◆ **What to work on**: What is printed must match, line for line, the records from their first line through the line containing "#39=CARTESIAN_POINT('',(-20.,2.,-6.));", with pictures left out.

Excerpts from a dataset:
--------------------------------

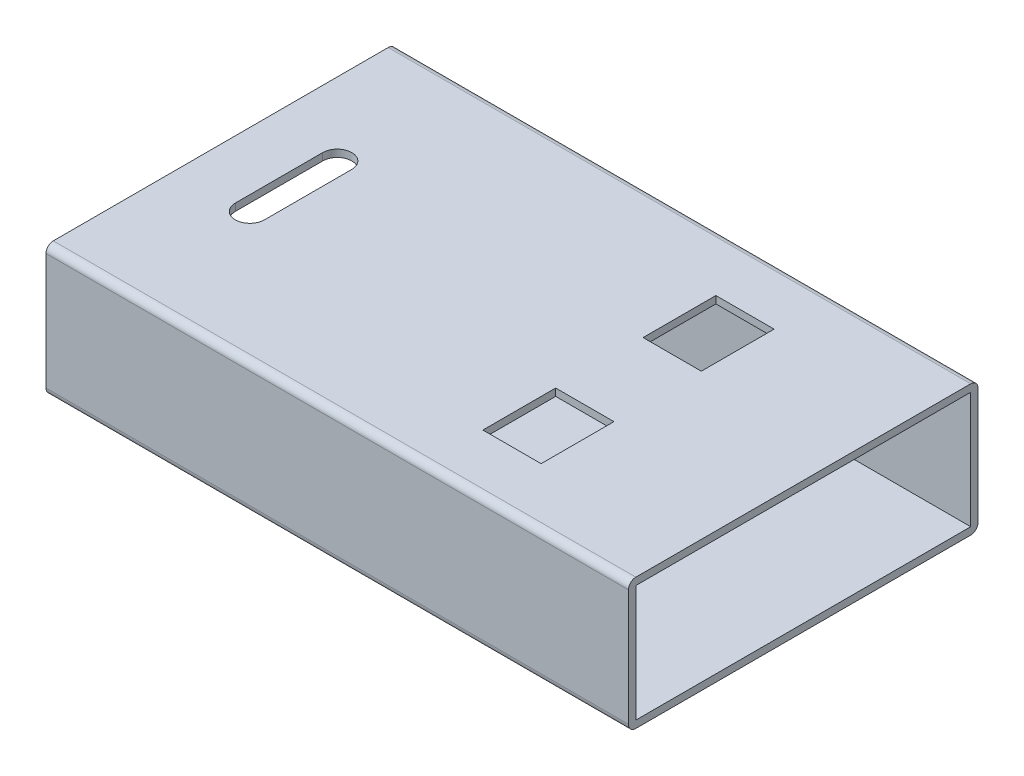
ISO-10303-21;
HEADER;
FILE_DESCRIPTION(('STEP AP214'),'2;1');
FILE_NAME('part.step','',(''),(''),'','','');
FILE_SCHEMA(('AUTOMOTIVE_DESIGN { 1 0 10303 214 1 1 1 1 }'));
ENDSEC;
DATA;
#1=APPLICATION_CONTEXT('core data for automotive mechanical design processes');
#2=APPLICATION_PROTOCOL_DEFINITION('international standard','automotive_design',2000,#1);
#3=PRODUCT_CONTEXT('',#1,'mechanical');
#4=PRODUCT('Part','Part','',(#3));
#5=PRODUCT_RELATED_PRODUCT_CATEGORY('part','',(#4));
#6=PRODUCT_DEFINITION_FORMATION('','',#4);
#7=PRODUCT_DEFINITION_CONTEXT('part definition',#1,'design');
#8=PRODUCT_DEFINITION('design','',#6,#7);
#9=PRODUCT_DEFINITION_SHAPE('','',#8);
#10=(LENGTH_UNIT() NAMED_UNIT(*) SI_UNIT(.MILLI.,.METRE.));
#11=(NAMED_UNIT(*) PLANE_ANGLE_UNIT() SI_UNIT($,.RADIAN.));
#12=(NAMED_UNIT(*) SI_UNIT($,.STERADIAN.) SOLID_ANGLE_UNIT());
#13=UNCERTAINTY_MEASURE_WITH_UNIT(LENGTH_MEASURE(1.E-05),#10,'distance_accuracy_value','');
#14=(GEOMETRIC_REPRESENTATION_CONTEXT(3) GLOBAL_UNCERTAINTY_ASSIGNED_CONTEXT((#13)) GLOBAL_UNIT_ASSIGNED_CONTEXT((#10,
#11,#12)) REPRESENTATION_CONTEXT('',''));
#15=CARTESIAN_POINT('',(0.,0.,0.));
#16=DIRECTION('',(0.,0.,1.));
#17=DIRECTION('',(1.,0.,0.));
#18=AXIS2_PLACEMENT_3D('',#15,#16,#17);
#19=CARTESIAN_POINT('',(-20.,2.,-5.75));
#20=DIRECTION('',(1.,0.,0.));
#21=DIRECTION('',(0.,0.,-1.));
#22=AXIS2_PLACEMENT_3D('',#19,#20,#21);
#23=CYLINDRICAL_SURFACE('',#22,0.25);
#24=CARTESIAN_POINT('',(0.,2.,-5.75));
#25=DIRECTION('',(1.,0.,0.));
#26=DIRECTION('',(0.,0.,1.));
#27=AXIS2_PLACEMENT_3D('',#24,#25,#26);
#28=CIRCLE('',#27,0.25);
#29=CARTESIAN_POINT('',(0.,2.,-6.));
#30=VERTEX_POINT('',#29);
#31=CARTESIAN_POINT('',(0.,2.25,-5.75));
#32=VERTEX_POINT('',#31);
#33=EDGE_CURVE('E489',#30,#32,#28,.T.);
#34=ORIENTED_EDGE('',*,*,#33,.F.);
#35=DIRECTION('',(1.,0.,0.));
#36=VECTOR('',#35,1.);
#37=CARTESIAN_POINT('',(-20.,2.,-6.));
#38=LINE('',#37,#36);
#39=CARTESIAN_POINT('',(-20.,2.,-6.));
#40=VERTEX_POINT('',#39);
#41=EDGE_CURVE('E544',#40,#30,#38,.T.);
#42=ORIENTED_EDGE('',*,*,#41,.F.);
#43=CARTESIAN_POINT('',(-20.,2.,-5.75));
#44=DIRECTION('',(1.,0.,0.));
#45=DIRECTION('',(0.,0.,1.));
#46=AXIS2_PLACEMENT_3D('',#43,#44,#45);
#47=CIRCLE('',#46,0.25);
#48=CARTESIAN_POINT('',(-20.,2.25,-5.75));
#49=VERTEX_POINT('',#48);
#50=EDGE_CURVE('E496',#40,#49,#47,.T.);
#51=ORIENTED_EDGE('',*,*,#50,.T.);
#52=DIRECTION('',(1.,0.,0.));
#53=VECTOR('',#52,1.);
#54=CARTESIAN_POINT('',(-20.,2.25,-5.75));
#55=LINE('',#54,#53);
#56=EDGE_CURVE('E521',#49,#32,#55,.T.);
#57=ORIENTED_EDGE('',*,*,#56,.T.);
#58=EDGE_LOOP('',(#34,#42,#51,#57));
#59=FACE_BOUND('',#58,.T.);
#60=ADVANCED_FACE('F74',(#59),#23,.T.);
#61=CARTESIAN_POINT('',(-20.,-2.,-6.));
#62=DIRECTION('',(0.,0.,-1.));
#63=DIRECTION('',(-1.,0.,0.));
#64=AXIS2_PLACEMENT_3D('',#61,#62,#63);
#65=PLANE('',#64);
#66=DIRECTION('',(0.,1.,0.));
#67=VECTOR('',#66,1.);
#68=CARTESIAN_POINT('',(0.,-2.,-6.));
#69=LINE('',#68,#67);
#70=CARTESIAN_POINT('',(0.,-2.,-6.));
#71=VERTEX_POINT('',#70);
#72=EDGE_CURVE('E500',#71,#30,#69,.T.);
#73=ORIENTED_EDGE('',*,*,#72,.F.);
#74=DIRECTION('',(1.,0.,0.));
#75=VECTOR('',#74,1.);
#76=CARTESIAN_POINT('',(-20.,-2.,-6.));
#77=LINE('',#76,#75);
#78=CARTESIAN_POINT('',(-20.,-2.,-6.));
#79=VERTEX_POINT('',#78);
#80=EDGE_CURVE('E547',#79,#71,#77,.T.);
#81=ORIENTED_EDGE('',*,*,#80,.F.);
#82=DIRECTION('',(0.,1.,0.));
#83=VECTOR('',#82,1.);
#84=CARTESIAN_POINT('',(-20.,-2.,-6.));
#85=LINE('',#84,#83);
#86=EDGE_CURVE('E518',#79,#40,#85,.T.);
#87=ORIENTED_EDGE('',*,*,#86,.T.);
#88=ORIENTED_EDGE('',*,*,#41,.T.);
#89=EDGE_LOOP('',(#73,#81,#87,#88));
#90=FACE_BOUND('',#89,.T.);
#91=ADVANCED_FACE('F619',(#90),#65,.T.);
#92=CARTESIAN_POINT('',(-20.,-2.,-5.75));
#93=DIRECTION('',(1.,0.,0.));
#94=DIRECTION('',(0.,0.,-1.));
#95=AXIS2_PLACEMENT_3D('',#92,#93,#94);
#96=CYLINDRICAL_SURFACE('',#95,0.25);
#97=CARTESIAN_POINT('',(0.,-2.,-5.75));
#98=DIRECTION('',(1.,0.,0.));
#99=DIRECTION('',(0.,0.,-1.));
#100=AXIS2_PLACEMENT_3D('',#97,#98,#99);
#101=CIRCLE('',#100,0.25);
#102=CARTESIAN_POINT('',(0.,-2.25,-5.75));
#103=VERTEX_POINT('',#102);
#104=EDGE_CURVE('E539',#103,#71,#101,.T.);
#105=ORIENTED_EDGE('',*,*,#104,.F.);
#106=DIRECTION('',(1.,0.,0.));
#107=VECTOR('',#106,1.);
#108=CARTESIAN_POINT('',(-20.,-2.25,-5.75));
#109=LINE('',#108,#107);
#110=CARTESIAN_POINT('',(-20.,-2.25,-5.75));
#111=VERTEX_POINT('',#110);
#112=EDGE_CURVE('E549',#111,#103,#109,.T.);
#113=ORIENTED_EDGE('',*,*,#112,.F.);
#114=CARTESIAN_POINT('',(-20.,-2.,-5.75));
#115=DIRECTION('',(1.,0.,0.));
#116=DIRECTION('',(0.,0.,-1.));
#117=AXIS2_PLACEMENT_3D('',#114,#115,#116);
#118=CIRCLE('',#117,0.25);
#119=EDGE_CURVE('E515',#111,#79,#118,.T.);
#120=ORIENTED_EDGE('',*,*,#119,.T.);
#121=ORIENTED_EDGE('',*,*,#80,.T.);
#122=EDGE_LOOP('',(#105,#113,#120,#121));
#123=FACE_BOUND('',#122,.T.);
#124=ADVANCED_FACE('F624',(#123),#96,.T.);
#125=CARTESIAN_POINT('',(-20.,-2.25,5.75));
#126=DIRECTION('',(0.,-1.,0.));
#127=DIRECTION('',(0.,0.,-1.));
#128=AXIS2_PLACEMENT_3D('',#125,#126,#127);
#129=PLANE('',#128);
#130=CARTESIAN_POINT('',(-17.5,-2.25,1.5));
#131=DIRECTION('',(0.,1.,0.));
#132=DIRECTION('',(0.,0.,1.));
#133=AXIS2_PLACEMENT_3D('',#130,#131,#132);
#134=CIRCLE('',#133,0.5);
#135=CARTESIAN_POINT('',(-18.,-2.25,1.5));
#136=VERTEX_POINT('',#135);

--------------------------------

◆ **Written solution**:
ISO-10303-21;
HEADER;
FILE_DESCRIPTION(('STEP AP214'),'2;1');
FILE_NAME('part.step','',(''),(''),'','','');
FILE_SCHEMA(('AUTOMOTIVE_DESIGN { 1 0 10303 214 1 1 1 1 }'));
ENDSEC;
DATA;
#1=APPLICATION_CONTEXT('core data for automotive mechanical design processes');
#2=APPLICATION_PROTOCOL_DEFINITION('international standard','automotive_design',2000,#1);
#3=PRODUCT_CONTEXT('',#1,'mechanical');
#4=PRODUCT('Part','Part','',(#3));
#5=PRODUCT_RELATED_PRODUCT_CATEGORY('part','',(#4));
#6=PRODUCT_DEFINITION_FORMATION('','',#4);
#7=PRODUCT_DEFINITION_CONTEXT('part definition',#1,'design');
#8=PRODUCT_DEFINITION('design','',#6,#7);
#9=PRODUCT_DEFINITION_SHAPE('','',#8);
#10=(LENGTH_UNIT() NAMED_UNIT(*) SI_UNIT(.MILLI.,.METRE.));
#11=(NAMED_UNIT(*) PLANE_ANGLE_UNIT() SI_UNIT($,.RADIAN.));
#12=(NAMED_UNIT(*) SI_UNIT($,.STERADIAN.) SOLID_ANGLE_UNIT());
#13=UNCERTAINTY_MEASURE_WITH_UNIT(LENGTH_MEASURE(1.E-05),#10,'distance_accuracy_value','');
#14=(GEOMETRIC_REPRESENTATION_CONTEXT(3) GLOBAL_UNCERTAINTY_ASSIGNED_CONTEXT((#13)) GLOBAL_UNIT_ASSIGNED_CONTEXT((#10,
#11,#12)) REPRESENTATION_CONTEXT('',''));
#15=CARTESIAN_POINT('',(0.,0.,0.));
#16=DIRECTION('',(0.,0.,1.));
#17=DIRECTION('',(1.,0.,0.));
#18=AXIS2_PLACEMENT_3D('',#15,#16,#17);
#19=CARTESIAN_POINT('',(-20.,2.,-5.75));
#20=DIRECTION('',(1.,0.,0.));
#21=DIRECTION('',(0.,0.,-1.));
#22=AXIS2_PLACEMENT_3D('',#19,#20,#21);
#23=CYLINDRICAL_SURFACE('',#22,0.25);
#24=CARTESIAN_POINT('',(0.,2.,-5.75));
#25=DIRECTION('',(1.,0.,0.));
#26=DIRECTION('',(0.,0.,1.));
#27=AXIS2_PLACEMENT_3D('',#24,#25,#26);
#28=CIRCLE('',#27,0.25);
#29=CARTESIAN_POINT('',(0.,2.,-6.));
#30=VERTEX_POINT('',#29);
#31=CARTESIAN_POINT('',(0.,2.25,-5.75));
#32=VERTEX_POINT('',#31);
#33=EDGE_CURVE('E489',#30,#32,#28,.T.);
#34=ORIENTED_EDGE('',*,*,#33,.F.);
#35=DIRECTION('',(1.,0.,0.));
#36=VECTOR('',#35,1.);
#37=CARTESIAN_POINT('',(-20.,2.,-6.));
#38=LINE('',#37,#36);
#39=CARTESIAN_POINT('',(-20.,2.,-6.));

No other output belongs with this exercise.